L3 (LLC): Shared and inclusive (usually). L3 is shared across all cores — often 16–96 MB on server parts. Latency is 30–50+ cycles. It's typically organized as a distributed slice-per-core architecture connected via a ring bus or mesh. AMD's V-Cache stacks extra L3 via 3D packaging, hitting 96 MB on a CCD — a trick that boosted gaming performance by 15–25% purely from reduced DRAM accesses.
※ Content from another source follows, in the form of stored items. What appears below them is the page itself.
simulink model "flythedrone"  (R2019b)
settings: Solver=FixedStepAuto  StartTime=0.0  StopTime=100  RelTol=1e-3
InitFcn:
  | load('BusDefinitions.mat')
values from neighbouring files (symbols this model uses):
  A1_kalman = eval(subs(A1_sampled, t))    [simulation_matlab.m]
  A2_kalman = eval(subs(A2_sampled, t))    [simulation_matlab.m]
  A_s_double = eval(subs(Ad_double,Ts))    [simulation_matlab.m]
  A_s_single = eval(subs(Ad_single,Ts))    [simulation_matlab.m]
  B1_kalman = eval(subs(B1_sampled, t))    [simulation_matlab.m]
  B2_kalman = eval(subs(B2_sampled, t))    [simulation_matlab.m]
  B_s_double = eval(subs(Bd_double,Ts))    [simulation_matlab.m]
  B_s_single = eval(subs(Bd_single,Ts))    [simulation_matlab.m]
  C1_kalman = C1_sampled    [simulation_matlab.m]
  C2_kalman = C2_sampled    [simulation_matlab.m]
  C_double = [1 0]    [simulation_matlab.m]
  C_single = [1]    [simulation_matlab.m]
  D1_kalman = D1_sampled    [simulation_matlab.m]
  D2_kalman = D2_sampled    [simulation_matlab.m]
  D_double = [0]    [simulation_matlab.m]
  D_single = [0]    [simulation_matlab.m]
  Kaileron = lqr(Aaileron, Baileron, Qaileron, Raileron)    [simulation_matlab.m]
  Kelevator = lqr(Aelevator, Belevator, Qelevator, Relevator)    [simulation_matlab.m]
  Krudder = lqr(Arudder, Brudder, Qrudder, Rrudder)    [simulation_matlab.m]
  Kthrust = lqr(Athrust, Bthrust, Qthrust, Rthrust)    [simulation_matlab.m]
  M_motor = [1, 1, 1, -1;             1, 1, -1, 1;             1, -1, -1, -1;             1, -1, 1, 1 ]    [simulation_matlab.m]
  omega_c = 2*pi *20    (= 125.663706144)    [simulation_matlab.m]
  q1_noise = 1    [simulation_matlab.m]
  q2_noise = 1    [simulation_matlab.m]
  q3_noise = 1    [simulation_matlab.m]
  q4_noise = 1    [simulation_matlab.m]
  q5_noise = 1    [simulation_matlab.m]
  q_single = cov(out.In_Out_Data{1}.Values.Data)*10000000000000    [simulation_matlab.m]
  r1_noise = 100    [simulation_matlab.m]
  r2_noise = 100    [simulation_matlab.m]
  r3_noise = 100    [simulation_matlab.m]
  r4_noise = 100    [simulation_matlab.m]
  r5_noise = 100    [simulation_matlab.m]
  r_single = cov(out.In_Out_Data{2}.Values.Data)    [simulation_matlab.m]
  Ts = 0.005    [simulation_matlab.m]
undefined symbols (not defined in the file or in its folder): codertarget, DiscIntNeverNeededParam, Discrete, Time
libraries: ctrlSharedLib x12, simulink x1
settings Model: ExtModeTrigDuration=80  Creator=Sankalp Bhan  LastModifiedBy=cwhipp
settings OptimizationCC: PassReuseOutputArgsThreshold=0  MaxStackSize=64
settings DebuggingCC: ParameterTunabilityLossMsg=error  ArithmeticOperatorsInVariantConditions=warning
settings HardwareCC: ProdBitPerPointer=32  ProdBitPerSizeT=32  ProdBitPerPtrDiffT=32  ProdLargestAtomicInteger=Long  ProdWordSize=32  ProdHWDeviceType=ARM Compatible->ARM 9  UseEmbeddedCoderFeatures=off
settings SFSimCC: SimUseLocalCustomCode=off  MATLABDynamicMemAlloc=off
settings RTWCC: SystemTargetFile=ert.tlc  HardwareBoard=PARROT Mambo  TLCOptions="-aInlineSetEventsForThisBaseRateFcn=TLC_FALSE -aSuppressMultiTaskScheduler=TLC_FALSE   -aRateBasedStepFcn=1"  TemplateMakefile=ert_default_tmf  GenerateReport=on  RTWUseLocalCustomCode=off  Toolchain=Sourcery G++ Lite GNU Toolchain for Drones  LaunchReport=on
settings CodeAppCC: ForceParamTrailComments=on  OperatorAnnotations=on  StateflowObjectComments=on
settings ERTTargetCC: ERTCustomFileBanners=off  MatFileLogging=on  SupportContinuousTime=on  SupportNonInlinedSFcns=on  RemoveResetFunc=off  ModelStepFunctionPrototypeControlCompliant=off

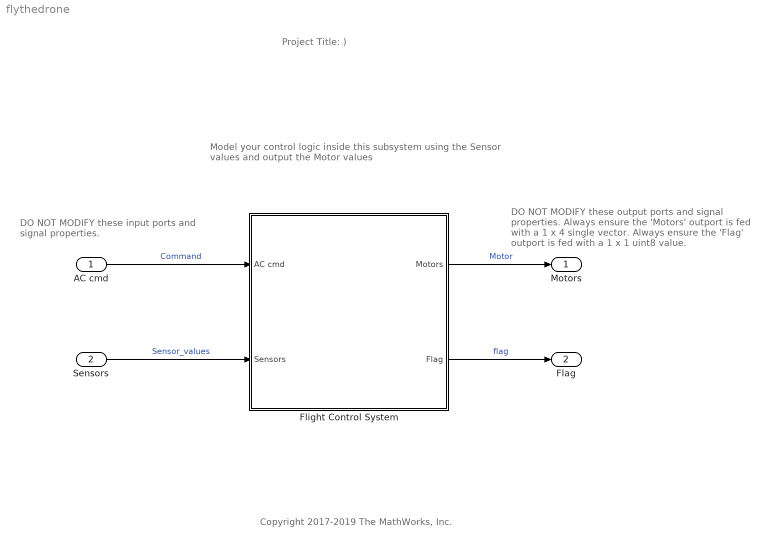
== system flythedrone ==
  note: Model your control logic inside this subsystem
      | using the Sensor values and output the
      | Motor values
  note: DO NOT MODIFY these output ports
      | and signal properties.
      |
      |
      |
      | Always ensure the 'Motors' outport
      | is fed with a 1 x 4 single vector.
      |
      |
      |
      |
      |
      | Always ensure the 'Flag' outport is
      | fed with a 1 x 1 uint8 value.
  note: DO NOT MODIFY these input
      | ports and signal properties.
  note: Copyright 2017-2019 The MathWorks, Inc.
  note: Project Title: )
  AC cmd : Inport  OutDataTypeStr=Bus: CommandBus  BusOutputAsStruct=on
  Sensors : Inport  Port=2  OutDataTypeStr=Bus: SensorsBus  BusOutputAsStruct=on
  Flight Control System : Subsystem  InitFcn=codertarget.parrot.internal.fcsSubsystemCallback(gcb);
  Motors : Outport  OutDataTypeStr=single  PortDimensions=[1 4]  VectorParamsAs1DForOutWhenUnconnected=off
  Flag : Outport  Port=2  OutDataTypeStr=uint8  PortDimensions=1  VectorParamsAs1DForOutWhenUnconnected=off
  wires:
  Flight Control System/1(Motors) -> Motors/1  "Motor"
  AC cmd/1 -> Flight Control System/1(AC cmd)  "Command"
  Sensors/1 -> Flight Control System/2(Sensors)  "Sensor_values"
  Flight Control System/2(Flag) -> Flag/1  "flag"

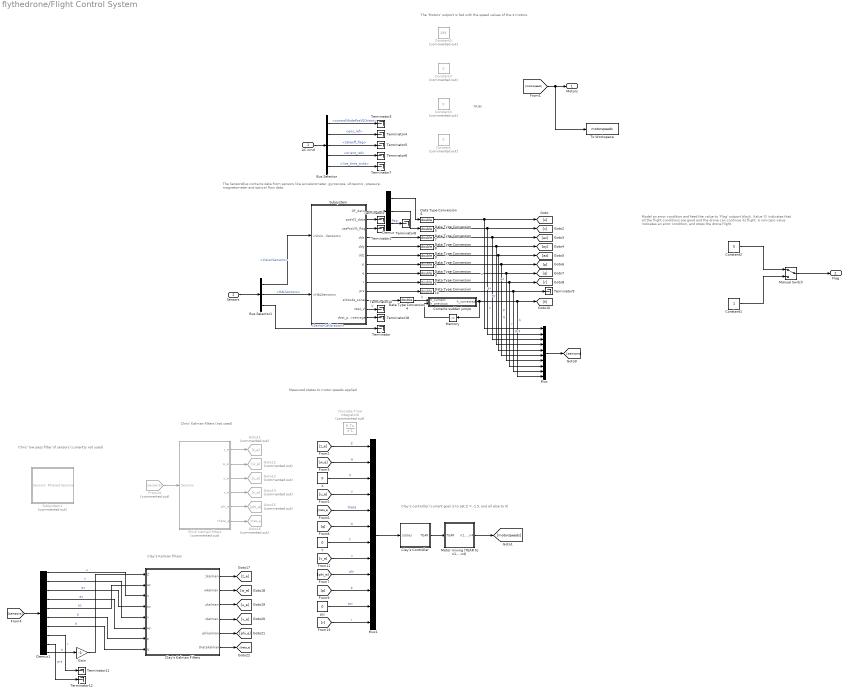
== system flythedrone/Flight Control System ==
  note: Measured states to motor speeds applied
  note: TRIM
  note: The 'Motors' outport is fed with the speed values of the 4 motors.
  note: Model an error condition and feed the value to 'Flag' outport block.
      | Value '0' indicates that all the flight conditions are good and the drone
      | can continue its flight.
      | A non-zero value indicates an error condition, and stops the drone
      | flight.
  note: The SensorsBus contains data from sensors like
      | accelerometer, gyroscope, ultrasonic, pressure,
      | magnetometer and optical flow data.
  note: Chris' Kalman filters (not used)
  note: Chris' low pass filter of sensors
      | (currently not used)
  note: Clay's Kalman filters
  note: Clay's controller (current goal is to set Z = -1.5, and all else to 0)
  AC cmd : Inport
  Sensors : Inport  Port=2
  Bus Selector : BusSelector  OutputSignals=controlModePosVSOrient,pos_ref,takeoff_flag,orient_ref,live_time_ticks
  Bus Selector1 : BusSelector  OutputSignals=VisionSensors,HALSensors,SensorCalibration
  Chris' kalman filters : Subsystem  Commented=on
  Clay's Controller : Subsystem
  Clay's Kalman Filters : Subsystem
  Constant : Constant  Commented=on  Value=0  SampleTime=Ts
  Constant1 : Constant  OutDataTypeStr=uint8
  Constant2 : Constant  Value=0  OutDataTypeStr=uint8
  Constant3 : Constant  Commented=on  Value=0  SampleTime=Ts
  Constant4 : Constant  Commented=on  Value=0  SampleTime=Ts
  Constant5 : Constant  Commented=on  Value=293  SampleTime=Ts
  Corrects sudden jumps : MATLAB Function  TreatAsAtomicUnit=on
  Data Type Conversion{1..10} (10 alike) : DataTypeConversion  OutDataTypeStr=double
  Demux : Demux  Outputs=3
  Demux1 : Demux  Outputs=10
  Discrete-Time Integrator6 : DiscreteIntegrator  Commented=on  SampleTime=-1  ICPrevOutput=DiscIntNeverNeededParam  ICPrevScaledInput=DiscIntNeverNeededParam
  From14 : From  Commented=on  GotoTag=sensors
  Gain : Gain  Gain=-1
  Goto11 : Goto  Commented=on  GotoTag=z_e
  Goto12 : Goto  Commented=on  GotoTag=w_e
  Goto13 : Goto  Commented=on  GotoTag=u_e
  Goto14 : Goto  Commented=on  GotoTag=v_e
  Goto15 : Goto  Commented=on  GotoTag=phi_e
  Goto16 : Goto  Commented=on  GotoTag=theta_e
  Manual Switch : ManualSwitch
  Memory : Memory
  Motor mixing (TEAR to n1,...,n4) : Subsystem
  Mux : Mux  Inputs=10
  Mux1 : Mux  Inputs=12
  Subsystem : Subsystem
  Subsystem1 : Subsystem  Commented=on
  Terminator{,1..12,18} (14 alike) : Terminator
  To Workspace : ToWorkspace  VariableName=motorspeeds  SaveFormat=Structure With Time  SampleTime=-1
  X : Constant  Value=0  SampleTime=0.005
  Y : Constant  Value=0  SampleTime=0.005
  psi : Constant  Value=0  SampleTime=0.005
  Motors : Outport  VectorParamsAs1DForOutWhenUnconnected=off
  Flag : Outport  Port=2  VectorParamsAs1DForOutWhenUnconnected=off
  wires:
  AC cmd/1 -> Bus Selector/1
  Sensors/1 -> Bus Selector1/1
  Bus Selector/1 -> Terminator3/1  "<controlModePosVSOrient>"
  Bus Selector/2 -> Terminator4/1  "<pos_ref>"
  Bus Selector/3 -> Terminator5/1  "<takeoff_flag>"
  Bus Selector/4 -> Terminator6/1  "<orient_ref>"
  Bus Selector/5 -> Terminator7/1  "<live_time_ticks>"
  Manual Switch/1 -> Flag/1
  Constant2/1 -> Manual Switch/1
  Constant1/1 -> Manual Switch/2
  [motorspeeds] -> To Workspace/1, Motors/1
  Bus Selector1/1 -> Subsystem/1(<VisionSensors>)  "<VisionSensors>"
  Bus Selector1/2 -> Subsystem/2(<HALSensors>)  "<HALSensors>"
  Bus Selector1/3 -> Terminator/1  "<SensorCalibration>"
  Subsystem/1(OF_data) -> Demux/1
  Subsystem/4(ddx) -> Data Type Conversion7/1
  Subsystem/5(ddy) -> Data Type Conversion8/1
  Subsystem/6(ddz) -> Data Type Conversion9/1
  Subsystem/7(p) -> Data Type Conversion2/1
  Subsystem/9(r) -> Data Type Conversion1/1
  Subsystem/11(altitude_sonar) -> Data Type Conversion4/1
  Subsystem/13(vbat_percentage) -> Terminator18/1
  Subsystem/8(q) -> Data Type Conversion3/1
  Subsystem/3(usePosVIS_flag) -> Terminator1/1
  Subsystem/2(posVIS_data) -> Terminator2/1
  Demux/1 -> Data Type Conversion6/1
  Demux/2 -> Data Type Conversion5/1
  Demux/3 -> Terminator8/1  "flag"
  Subsystem/10(prs) -> Data Type Conversion10/1
  Data Type Conversion1/1 -> Mux/8, [r]  "r"
  Data Type Conversion2/1 -> Mux/6, [p]  "p"
  Data Type Conversion3/1 -> Mux/7, [q]  "q"
  Data Type Conversion5/1 -> Mux/2, [v]  "v"
  Data Type Conversion6/1 -> [u], Mux/1  "u"
  Data Type Conversion7/1 -> Mux/3, [ax]  "ax"
  Data Type Conversion8/1 -> Mux/4, [ay]  "ay"
  Data Type Conversion9/1 -> Mux/5, [az]  "az"
  Data Type Conversion10/1 -> Mux/9, Terminator9/1  "prs"
  Subsystem/12(vbat_V) -> Terminator10/1  "V"
  Mux1/1 -> Clay's Controller/1(states)
  Motor mixing (TEAR to n1,...,n4)/1(n1,...,n4) -> [motorspeeds]
  [z_e] -> Mux1/1  "Z"
  [w_e] -> Mux1/2  "w"
  [u_e] -> Mux1/4  "u"
  [theta_e] -> Mux1/5  "theta"
  [q] -> Mux1/6  "q"
  Y/1 -> Mux1/7  "Y"
  [p] -> Mux1/10  "p"
  [phi_e] -> Mux1/9  "phi"
  [v_e] -> Mux1/8  "v"
  psi/1 -> Mux1/11  "psi"
  [r] -> Mux1/12  "r"
  Clay's Controller/1(TEAR) -> Motor mixing (TEAR to n1,...,n4)/1(TEAR)
  Mux/1 -> [sensors]
  From14/1 -> Chris' kalman filters/1(Sensors)
  Chris' kalman filters/1(z_e) -> Goto11/1
  Chris' kalman filters/2(w_e) -> Goto12/1
  Chris' kalman filters/3(u_e) -> Goto13/1
  Chris' kalman filters/4(v_e) -> Goto14/1
  Chris' kalman filters/5(phi_e) -> Goto15/1
  Chris' kalman filters/6(theta_e) -> Goto16/1
  X/1 -> Mux1/3  "X"
  Data Type Conversion4/1 -> Corrects sudden jumps/1(h_current)  "h"
  Corrects sudden jumps/1(h_corrected) -> [h], Mux/10, Memory/1  "h"
  Memory/1 -> Corrects sudden jumps/2(h_previous)
  Clay's Kalman Filters/6(thetakalman) -> [theta_e]
  Clay's Kalman Filters/1(zkalman) -> [z_e]
  Clay's Kalman Filters/5(phikalman) -> [phi_e]
  Clay's Kalman Filters/2(wkalman) -> [w_e]
  Clay's Kalman Filters/3(ukalman) -> [u_e]
  Clay's Kalman Filters/4(vkalman) -> [v_e]
  [sensors] -> Demux1/1
  Demux1/1 -> Clay's Kalman Filters/3(u)  "u"
  Demux1/2 -> Clay's Kalman Filters/5(v)  "v"
  Demux1/3 -> Clay's Kalman Filters/4(ax)  "ax"
  Demux1/4 -> Clay's Kalman Filters/6(ay)  "ay"
  Demux1/5 -> Clay's Kalman Filters/2(az)  "az"
  Demux1/6 -> Clay's Kalman Filters/7(p)  "p"
  Demux1/7 -> Clay's Kalman Filters/8(q)  "q"
  Demux1/8 -> Terminator11/1  "r"
  Gain/1 -> Clay's Kalman Filters/1(Z)
  Demux1/10 -> Gain/1  "h"
  Demux1/9 -> Terminator12/1  "prs"

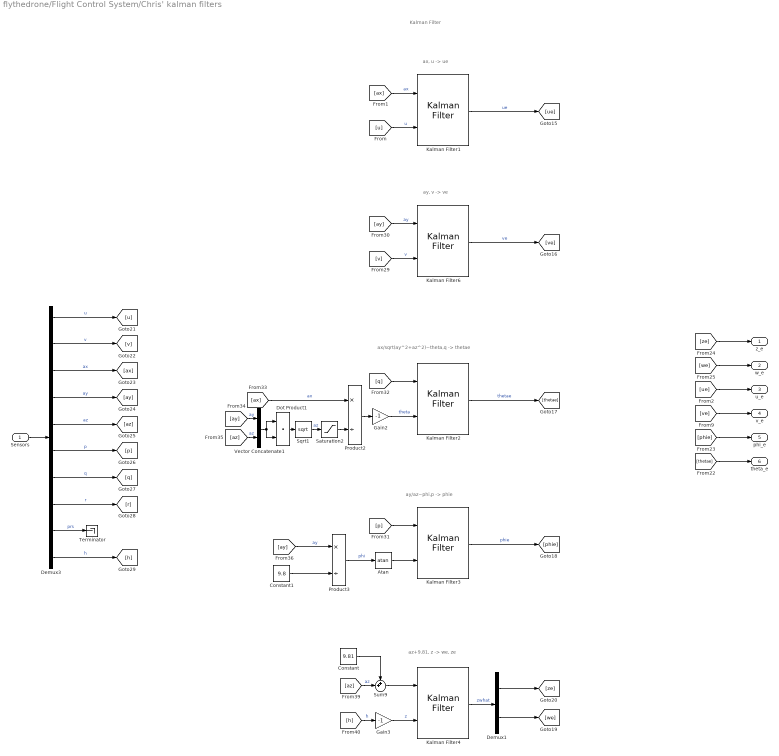
== system flythedrone/Flight Control System/Chris' kalman filters ==
  note: Kalman Filter
  note: ay, v -> ve
  note: ax, u -> ue
  note: ax/sqrt(ay^2+az^2)~theta,q -> thetae
  note: ay/az~phi,p -> phie
  note: az+9.81, z -> we, ze
  Sensors : Inport
  Atan : Trigonometry  Operator=atan
  Constant : Constant  Value=9.81
  Constant1 : Constant  Value=9.8
  Demux1 : Demux  Outputs=2
  Demux3 : Demux  Outputs=10
  Dot Product1 : DotProduct  OutMin=0.0001  InputSameDT=on  OutDataTypeStr=Inherit: Inherit via internal rule
  Gain2 : Gain  Gain=-1
  Gain3 : Gain  Gain=-1
  Kalman Filter{1..3,6} (4 alike) : ctrlSharedLib/Kalman Filter  TimeDomain=Discrete-Time  UseCurrentEstimator=on  ModelSource=Individual A, B, C, D matrices  ModelSourceVariable=ss(0.95,1,1,0,1)  A=A_s_single  B=B_s_single  C=C_single  D=D_single  NumberOfStates=1  NumberOfInputs=1  NumberOfOutputs=1  InitialEstimateSource=Dialog  X0=[0]  P0=10  UseK=off  UseGH=off  NumberOfProcessNoiseInputs=1  G=1  TimeInvariantG=on  H=0  TimeInvariantH=on  Q=[1]*q_single  TimeInvariantQ=on  R=[1]*r_single*10000  TimeInvariantR=on  N=0  TimeInvariantN=on  AddInputPort=on  AddEnablePort=off  OutputEstimatedY=off  OutputP=off  Ts=Ts
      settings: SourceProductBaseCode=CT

The key rule of thumb: each cache level is roughly 8–10× larger and 3–5× slower than the one above it. For a 5 GHz core:

• L1: ~1 ns (4–5 cycles), 32–48 KB
• L2: ~3–5 ns (12–20 cycles), 256 KB–2 MB
• L3: ~10–15 ns (40–70 cycles), 8–96 MB
• DRAM: ~60–100 ns, gigabytes

Inclusion policies matter. An inclusive L3 guarantees that anything in L1/L2 is also in L3 — simplifying coherence snoops because you only check L3's tags. But it wastes capacity (L1/L2 contents duplicate in L3). A non-inclusive (NINE) policy, used by Intel since Skylake-SP and by AMD, avoids this waste but requires a separate snoop filter to track which core might hold a line.

Concrete calculation: If your working set is 3 MB and your per-core L2 is 1 MB, about 2/3 of accesses that miss L1 will also miss L2 and go to L3. If L3 latency is 40 cycles vs L2's 12, that's a 3.3× penalty on those misses — exactly why tuning data structures to fit in L2 (loop tiling, struct packing) gives measurable speedups.